For $k = 7$, we get $$\sin^7 x = \frac{35}{64} \sin x - \frac{21}{64} \sin 3x + \frac{7}{64} \sin 5x - \frac{1}{64} \sin 7x.$$

Answer 2

The usual form of the resulting integral depends, for one, on the parity of $k$ (i.e., whether it is even or odd).

If you really want a general formula, you could expand using the complex representation of $\sin$, namely, $$\sin z = \frac{\exp(iz) - \exp(-iz)}{2i},$$ expand $\sin^k z$ using the binomial theorem, integral term-by-term (which is easy, since each term is an exponential function), then rewrite the resulting complex expression as a sum of sine and cosine functions.

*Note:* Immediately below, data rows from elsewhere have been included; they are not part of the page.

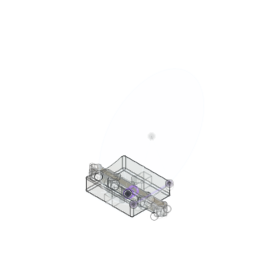
AdjustableDumbbellStand (Autodesk Fusion 360 design; units mm, degrees)
Autodesk Fusion 360 part; units mm, degrees
sketch "Sketch1" plane through (0, 0, 0) normal (0, 0, 1) x (1, 0, 0) in component "Connector"
  line L0 (124.9, -14.9) -> (-124.9, -14.9)
  line L1 (-124.9, -14.9) -> (-124.9, 14.9)
  line L2 (-124.9, 14.9) -> (124.9, 14.9)
  line L3 (124.9, 14.9) -> (124.9, -14.9)
  line L4 (124.9, -14.9) -> (-124.9, 14.9) construction
  line L5 (-124.9, -14.9) -> (124.9, 14.9) construction
  line L6 (124.9, 24.9) -> (124.9, -24.9)
  line L7 (0, 0) -> (144.7, 0) construction
  line L8 (124.9, 24.9) -> (144.7, 0)
  line L9 (124.9, -24.9) -> (144.7, 0)
  line L10 (0, 2.5) -> (0, 20)
  line L11 (-124.9, 24.9) -> (-144.7, 0)
  line L12 (-124.9, -24.9) -> (-144.7, 0)
  line L13 (-124.9, 24.9) -> (-124.9, -24.9)
  line L14 (-124.9, -24.9) -> (-105.1, 0)
  line L15 (-124.9, 24.9) -> (-105.1, 0)
  line L16 (124.9, 24.9) -> (105.1, 0)
  line L17 (124.9, -24.9) -> (105.1, 0)
  dimension "d1" = 249.8
  dimension "d2" = 29.8
  dimension "d3" = 49.8
  dimension "d24" = 19.8
  constraint horizontal L0
  constraint perpendicular L0 L1
  constraint parallel L0 L2
  constraint parallel L1 L3
  constraint coincident L4 L7.start
  constraint coincident L5 L7.start
  constraint coincident L7.start origin
  constraint parallel L3 L6
  constraint collinear L3 L6
  constraint equal L8 L9
  constraint horizontal L7
  constraint symmetric L6.start L10 L11.start
  constraint symmetric L6.end L10 L12.start
  constraint symmetric L7.end L10 L11.end
  constraint symmetric L11.start L13 L15.start
  constraint symmetric L11.end L13 L14.end
  constraint symmetric L12.start L13 L14.start
  constraint symmetric L3 L6.start L8.start
  constraint symmetric L3 L6.end L9.start
  constraint symmetric L3 L7.end L16.end
  constraint collinear L1 L13
  measures "d1" distance of L1.end L2.end
  measures "d2" distance of L0.end L1.end
  measures "d3" distance of L6.start L6.end
  measures "d24" distance of L6 L7.end
extrude "Extrude1" add sketch "Sketch1" along normal blind 28.8 makes body 1 in component "Connector"
fillet "Fillet1" radius 6 10 edges at (-144.7, 0, 14.4) (144.7, 0, 14.4) (116.9482, 14.9, 14.4) (124.9, 24.9, 14.4) (-116.9482, 14.9, 14.4) (-124.9, 24.9, 14.4) (124.9, -24.9, 14.4) (116.9482, -14.9, 14.4) (-124.9, -24.9, 14.4) (-116.9482, -14.9, 14.4) on bodies 1 in component "Connector"
chamfer "Chamfer1" distance 5 angle 45 1 faces at (-38.0179, -4.9667, 28.8) on bodies 1 in component "Connector"
sketch "Sketch1 (2)" plane through (0, 0, 0) normal (0, 0, 1) x (1, 0, 0) in component "Base"
  line L0 (-90, 75) -> (90, 75)
  line L1 (90, 75) -> (90, -75)
  line L2 (90, -75) -> (-90, -75)
  line L3 (-90, -75) -> (-90, 75)
  line L4 (-90, 75) -> (90, -75) construction
  line L5 (90, 75) -> (-90, -75) construction
  line L6 (0, 0) -> (-90, 0) construction
  line L7 (0, 0) -> (0, -75) construction
  dimension "d10" = 180
  dimension "d11" = 150
  constraint horizontal L0
  constraint perpendicular L0 L1
  constraint parallel L0 L2
  constraint parallel L1 L3
  constraint coincident L4 L6.start
  constraint coincident L5 L6.start
  constraint coincident L6.start L7.start
  constraint midpoint L3 L6.end
  constraint midpoint L2 L7.end
  measures "d10" distance of L1.end L2.end
  measures "d11" distance of L0.end L1.end
extrude "Extrude1'" add sketch "Sketch1 (2)" along normal blind 50 separate body makes body 2 in component "Base"
fillet "Fillet1'" radius 6 4 edges at (90, 75, 25) (-90, 75, 25) (-90, -75, 25) (90, -75, 25) on bodies 2 in component "Base"
chamfer "Chamfer1'" distance 5 angle 45 2 faces at (28, -25, 0) (28, -25, 50) on bodies 2 in component "Base"
sketch "Sketch2" plane through (90, 0, 0) normal (1, 0, 0) x (0, 1, 0) in component "Base"
  line L0 (69, 45) -> (-69, 45)
  line L1 (-69, 45) -> (-69, 5)
  line L2 (-69, 5) -> (69, 5)
  line L3 (69, 5) -> (69, 45)
  line L4 (-69, 45) -> (69, 45)
  line L5 (-69, 45) -> (0, 235) construction
  line L6 (0, 235) -> (69, 45) construction
  circle A0 centre (0, 235) radius 200
  line L7 (-69, 35) -> (69, 35) construction
  line L8 (-69, 45) -> (-69, 35) construction
  dimension "d17" = 400
  dimension "d18" = 10
  constraint coincident L0.end L1.start
  constraint coincident L0.start L3.end
  constraint equal L5 L6
  constraint coincident L5.end L6.start
  constraint perpendicular L1 L7
  constraint equal L0 L7
  constraint perpendicular L0 L8
  constraint tangent A0 L7
  measures "d17" diameter of A0
  measures "d18" distance of L0.end L7.start
extrude "Extrude2" cut sketch "Sketch2" against normal through all contours L0 L4 A0 | L0 L4 A0 bodies 2 in component "Base"
sketch "Sketch1 (3)" plane through (0, 0, 0) normal (0, 0, 1) x (1, 0, 0) in component "ConnectorTip"
  line L0 (0, 0) -> (0, -24.9) construction
  line L1 (0, 0) -> (0, 24.9) construction
  line L2 (0, 0) -> (19.8, 0) construction
  line L3 (0, 0) -> (-19.8, 0) construction
  line L4 (0, -24.9) -> (19.8, 0)
  line L5 (0, 24.9) -> (19.8, 0)
  line L6 (0, 24.9) -> (-19.8, 0)
  line L7 (0, -24.9) -> (-19.8, 0)
  line L8 (-7.9518, -14.9) -> (-37.7518, -14.9)
  line L9 (-37.7518, -14.9) -> (-37.7518, 14.9)
  line L10 (-37.7518, 14.9) -> (-7.9518, 14.9)
  line L11 (-7.9518, 14.9) -> (-7.9518, -14.9)
  dimension "d33" = 24.9
  dimension "d34" = 19.8
  dimension "d39" = 29.8
  constraint coincident L0.start L1.start
  constraint vertical L0
  constraint parallel L0 L1
  constraint equal L0 L1
  constraint perpendicular L1 L2
  constraint perpendicular L1 L3
  constraint equal L2 L3
  constraint horizontal L8
  constraint vertical L9
  constraint horizontal L10
  constraint vertical L11
  constraint coincident L7 L8.start
  constraint coincident L6 L10.end
  constraint equal L8 L11
  measures "d33" distance of L0.start L0.end
  measures "d34" distance of L0.start L2.end
  measures "d39" distance of L8.start L10.end
extrude "Extrude1''" add sketch "Sketch1 (3)" along normal blind 28.8 separate body makes body 3 in component "ConnectorTip"
fillet "Fillet1''" radius 6 3 edges at (0, 24.9, 14.4) (19.8, 0, 14.4) (0, -24.9, 14.4) on bodies 3 in component "ConnectorTip"
sketch "Sketch1 (4)" plane through (0, 0, 0) normal (0, 0, 1) x (1, 0, 0) in component "Base (1)"
  line L0 (-90, 75) -> (90, 75)
  line L1 (90, 75) -> (90, -75)
  line L2 (90, -75) -> (-90, -75)
  line L3 (-90, -75) -> (-90, 75)
  line L4 (-90, 75) -> (90, -75) construction
  line L5 (90, 75) -> (-90, -75) construction
  line L6 (0, 0) -> (-90, 0) construction
  line L7 (0, 0) -> (0, -75) construction
  dimension "d10_1" = 180
  dimension "d11_1" = 150
  constraint horizontal L0
  constraint perpendicular L0 L1
  constraint parallel L0 L2
  constraint parallel L1 L3
  constraint coincident L4 L6.start
  constraint coincident L5 L6.start
  constraint coincident L6.start L7.start
  constraint midpoint L3 L6.end
  constraint midpoint L2 L7.end
  measures "d10_1" distance of L1.end L2.end
  measures "d11_1" distance of L0.end L1.end
extrude "Extrude1'''" add sketch "Sketch1 (4)" along normal blind 50 separate body makes body 4 in component "Base (1)"
fillet "Fillet1'''" radius 6 4 edges at (90, 75, 25) (-90, 75, 25) (-90, -75, 25) (90, -75, 25) on bodies 4 in component "Base (1)"
chamfer "Chamfer1''" distance 5 angle 45 2 faces at (28, -25, 0) (28, -25, 50) on bodies 4 in component "Base (1)"
sketch "Sketch2 (2)" plane through (90, 0, 0) normal (1, 0, 0) x (0, 1, 0) in component "Base (1)"
  line L0 (69, 45) -> (-69, 45)
  line L1 (-69, 45) -> (-69, 5)
  line L2 (-69, 5) -> (69, 5)
  line L3 (69, 5) -> (69, 45)
  line L4 (-69, 45) -> (69, 45)
  line L5 (-69, 45) -> (0, 235) construction
  line L6 (0, 235) -> (69, 45) construction
  circle A0 centre (0, 235) radius 200
  line L7 (-69, 35) -> (69, 35) construction
  line L8 (-69, 45) -> (-69, 35) construction
  dimension "d17_1" = 400
  dimension "d18_1" = 10
  constraint coincident L0.end L1.start
  constraint coincident L0.start L3.end
  constraint equal L5 L6
  constraint coincident L5.end L6.start
  constraint perpendicular L1 L7
  constraint equal L0 L7
  constraint perpendicular L0 L8
  constraint tangent A0 L7
  measures "d17_1" diameter of A0
  measures "d18_1" distance of L0.end L7.start
extrude "Extrude2'" cut sketch "Sketch2 (2)" against normal through all contours L0 L4 A0 | L0 L4 A0 bodies 4 in component "Base (1)"
sketch "Sketch1 (5)" plane through (0, 0, 0) normal (0, 0, 1) x (1, 0, 0) in component "ConnectorTip (1)"
  line L0 (0, 0) -> (0, -24.9) construction
  line L1 (0, 0) -> (0, 24.9) construction
  line L2 (0, 0) -> (19.8, 0) construction
  line L3 (0, 0) -> (-19.8, 0) construction
  line L4 (0, -24.9) -> (19.8, 0)
  line L5 (0, 24.9) -> (19.8, 0)
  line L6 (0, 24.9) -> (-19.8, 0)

The above technique may or may not be useful. In general, it is better to do the following: If $k$ is even, use the double angle identity to write the integral in terms of $\cos^{k / 2}$, and handle any terms $\cos^{\ell}$ with even $\ell$ that occur with the same method. If $k$ is odd, say, $k = 2 m + 1$, we can write $$\int \sin^k x \,dx = \int (1 - \cos^2 x)^m \sin x \,dx,$$ after which the substitution $u = \cos x$ transforms the integral into one with a polynomial integrand. Any terms $\cos^{\ell} x$ with odd $\ell$ that occur can be handled analogously.

Answer 3

We can also use integration by parts to reduce the integral to either $\int\sin(x)\,\mathrm{d}x$ or $\int1\,\mathrm{d}x$. $$ \begin{align} \int\sin^n(x)\,\mathrm{d}x &=-\int\sin^{n-1}(x)\,\mathrm{d}\cos(x)\tag{1}\\ &=-\cos(x)\sin^{n-1}(x)+(n-1)\int\sin^{n-2}(x)\cos^2(x)\,\mathrm{d}x\tag{2}\\ &=-\frac1n\cos(x)\sin^{n-1}(x)+\frac{n-1}n\int\sin^{n-2}(x)\,\mathrm{d}x\tag{3} \end{align} $$ Explanation:
$(1)$: $\mathrm{d}\cos(x)=-\sin(x)\,\mathrm{d}x$
$(2)$: integrate by parts
$(3)$: add $(n-1)\int\sin^n(x)\,\mathrm{d}x$ to both sides and divide by $n$

Modulo a constant of integration, induction and $(3)$ yields $$ \begin{align} &\int\sin^n(x)\,\mathrm{d}x\\ &=\frac{(n-1)!!}{n!!}x[n\text{ is even}]-\cos(x)\sum_{k=0}^{\lfloor\frac{n-1}2\rfloor}\frac{(n-1)!!(n-2k)!!}{n!!(n-2k-1)!!}\frac{\sin^{n-2k-1}(x)}{n-2k}\\ &=\frac{(n-1)!!}{n!!}\left(x[n\text{ is even}]-\cos(x)\sum_{k=0}^{\lfloor\frac{n-1}2\rfloor}\frac{(n-2k-2)!!}{(n-2k-1)!!}\,\sin^{n-2k-1}(x)\right) \tag{4} \end{align} $$ where $[\dots]$ are Iverson Brackets.